I liked The Alternative Science of Computation by Mario Carpo. He opens by proclaiming that the sciences of ‘Galileo and Newton: the science we all studied at school’ is under threat from the ‘alt-right’ — whereas the theories of ‘non-linearity, complexity, chaos, emergence, self-organisation, etc. do not seem to be under any threat at all.’ And he groups these theores together as ‘post-modern ideas of complexity’.
Carpo says that ‘advanced computation follows a post-scientific method that is way closer to Deleuze and Guattari’s worldview than to Newton’s’ which presume means a more Rhizomatic means of operation. He goes on to say that the design professions adoption of these techniques ‘show surprising affinities with the anti-scientific ideology of today’s alt-right.’ I’ll come back this connection to the alt-right towards the end.
Today, we can make and break on a computer screen more models in a minute than a traditional craftsman made and broke in a lifetime. The difference is, we are not expected to learn anything in this process, because the computer does it in our stead. We call this optimization.
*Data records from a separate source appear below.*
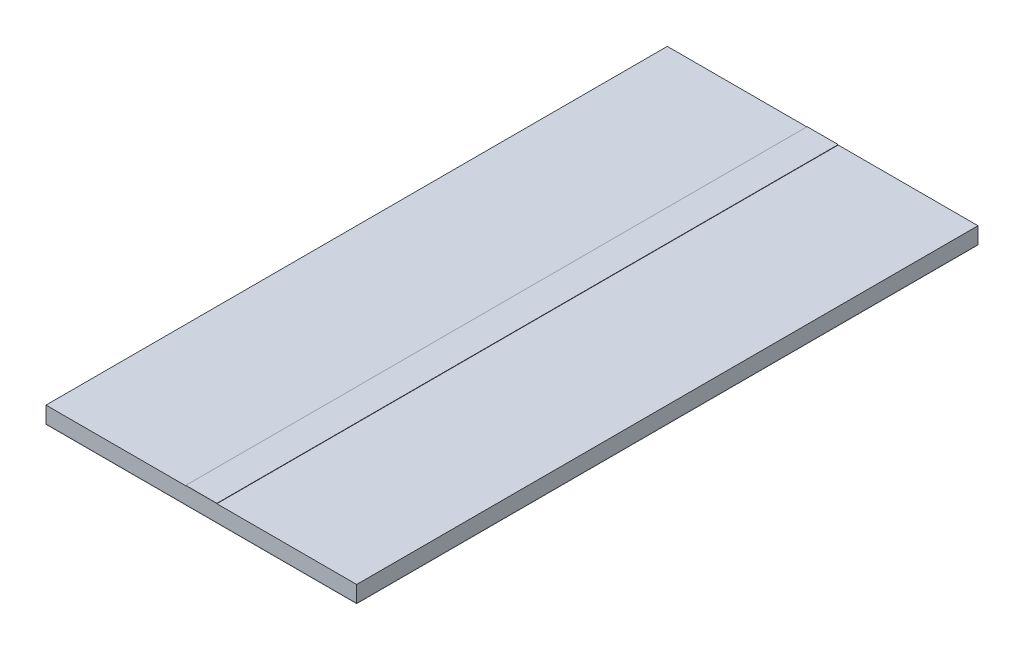
SolidWorks part; units mm, degrees
material "Copper"
ref_plane "Front Plane" through (0, 0, 0) normal (0, 0, 1) x (1, 0, 0)
ref_plane "Top Plane" through (0, 0, 0) normal (0, 1, 0) x (1, 0, 0)
ref_plane "Right Plane" through (0, 0, 0) normal (1, 0, 0) x (0, 0, -1)
sketch "Sketch2" plane through (0, 0, 0) normal (0, 1, 0) x (1, 0, 0)
  line L0 (0, 30) -> (0, -30) construction
  line L1 (-15, -30) -> (15, -30)
  line L2 (-15, -30) -> (-15, 30)
  line L3 (-15, 30) -> (15, 30)
  line L4 (15, -30) -> (15, 30)
  line L5 (-15, -30) -> (15, 30) construction
  line L6 (-15, 30) -> (15, -30) construction
  point P0 (0, 0)
  dimension "D1" = 60
  dimension "D2" = 30
extrude "Boss-Extrude1" add sketch "Sketch2" along normal blind 0.0356
sketch "Sketch3" plane through (0, 0.0356, 0) normal (0, 1, 0) x (1, 0, 0)
  line L1 (-15, 30) -> (15, 30)
  line L2 (-15, 30) -> (-15, -30)
  line L3 (-15, -30) -> (15, -30)
  line L4 (15, 30) -> (15, -30)
extrude "Boss-Extrude2" add sketch "Sketch3" along normal blind 1.57 separate body
sketch "Sketch4" plane through (0, 1.6056, 0) normal (0, 1, 0) x (1, 0, 0)
  line L0 (0, 30) -> (0, -30) construction
  line L1 (15, 30) -> (-15, 30) construction
  line L2 (-15, -30) -> (15, -30) construction
  line L4 (-1.5, -30) -> (1.5, -30)
  line L5 (-1.5, -30) -> (-1.5, 30)
  line L6 (-1.5, 30) -> (1.5, 30)
  line L7 (1.5, -30) -> (1.5, 30)
  line L8 (-1.5, -30) -> (1.5, 30) construction
  line L9 (-1.5, 30) -> (1.5, -30) construction
  point P6 (0, 0)
  dimension "D1" = 3
extrude "Boss-Extrude3" add sketch "Sketch4" along normal blind 0.0356 separate body

This is something which I’ve been interested in in the past. And I’ve noticed my opinions on this “maturing” (if you’ll give me the privilege) over time, and Carpo puts this is reasonably simple terms from here.
Think of the typical environment of many of today’s computational design studios: the idiotic stupor and ecstatic speechlessness of many students confronted with the unmanageable epiphanies of agent-based systems, for example, may be priceless formative experiences when seen as steps in a path of individual discovery, but become questionable when dumbness itself is artfully cultivated as a pedagogical tool.
whether something works, or not, no one can or cares to tell why.
For the same is happening on a much bigger scale in the world at large, out there: as we have been hearing all too often from the truculent prophets of various populist revolutions in recent times, why waste time on theories (or on facts, observation, verification, demonstration, proof, experts, expertise, experience, competence, science, scholarship, mediation, argument, political representation, and so on—in no particular order)? Why argue? Using today’s technology, every complex query can be crowdsourced: just ask the crowds. Or even better, just try that out, and see if it works.
This where the alt-right rejection of factual argument, the ideology of post-modern science, and the new science of computation appear to be preaching the same gospel, all advocating, abetting, or falling prey to the same irrational fascination for a leap in the dark.
I’ve pulled out quite a few quotes there, but essentally what Carpo is saying is that modern methods of computation are ringing the same tune as the ‘anti-expert’ populist idea which is strongly felt at the moment. As humans we have developed science, mathematics, philosophy and so on based on careful considereation and proliferation of theories which Carpo argues ‘condense acquired knowledge in user-friendly, short and simplified statements we can resort to—at some risk—so we do not have to restart from zero every time’. This brute force approach of modern computation goes against these methods and replaces them with try-everyting-until-something-looks-about-right, but with little to no justification, other than the numbers seeming good.
I am not sure I completely agree with Carpo on his analysis as he seems to put this generative approach in the same ball-park as AI, and for me, AI is something different altogether. I agree with his argument that submitted all control to the endless iterations of a super-fast computer program is not in the long run a benefit to the world of design (or otherwise), but this is not the methods of AI. AI is an almagamtion of ideas, theories, concepts which as a whole allows for some new property to emerge. Generative design methods, or efficient sorting algorithms are not in themselves rhizomatic.
A closed loop of knowledge, based one one computational system producing possible outcomes, while another systems mines and alalyses these outcomes to predict.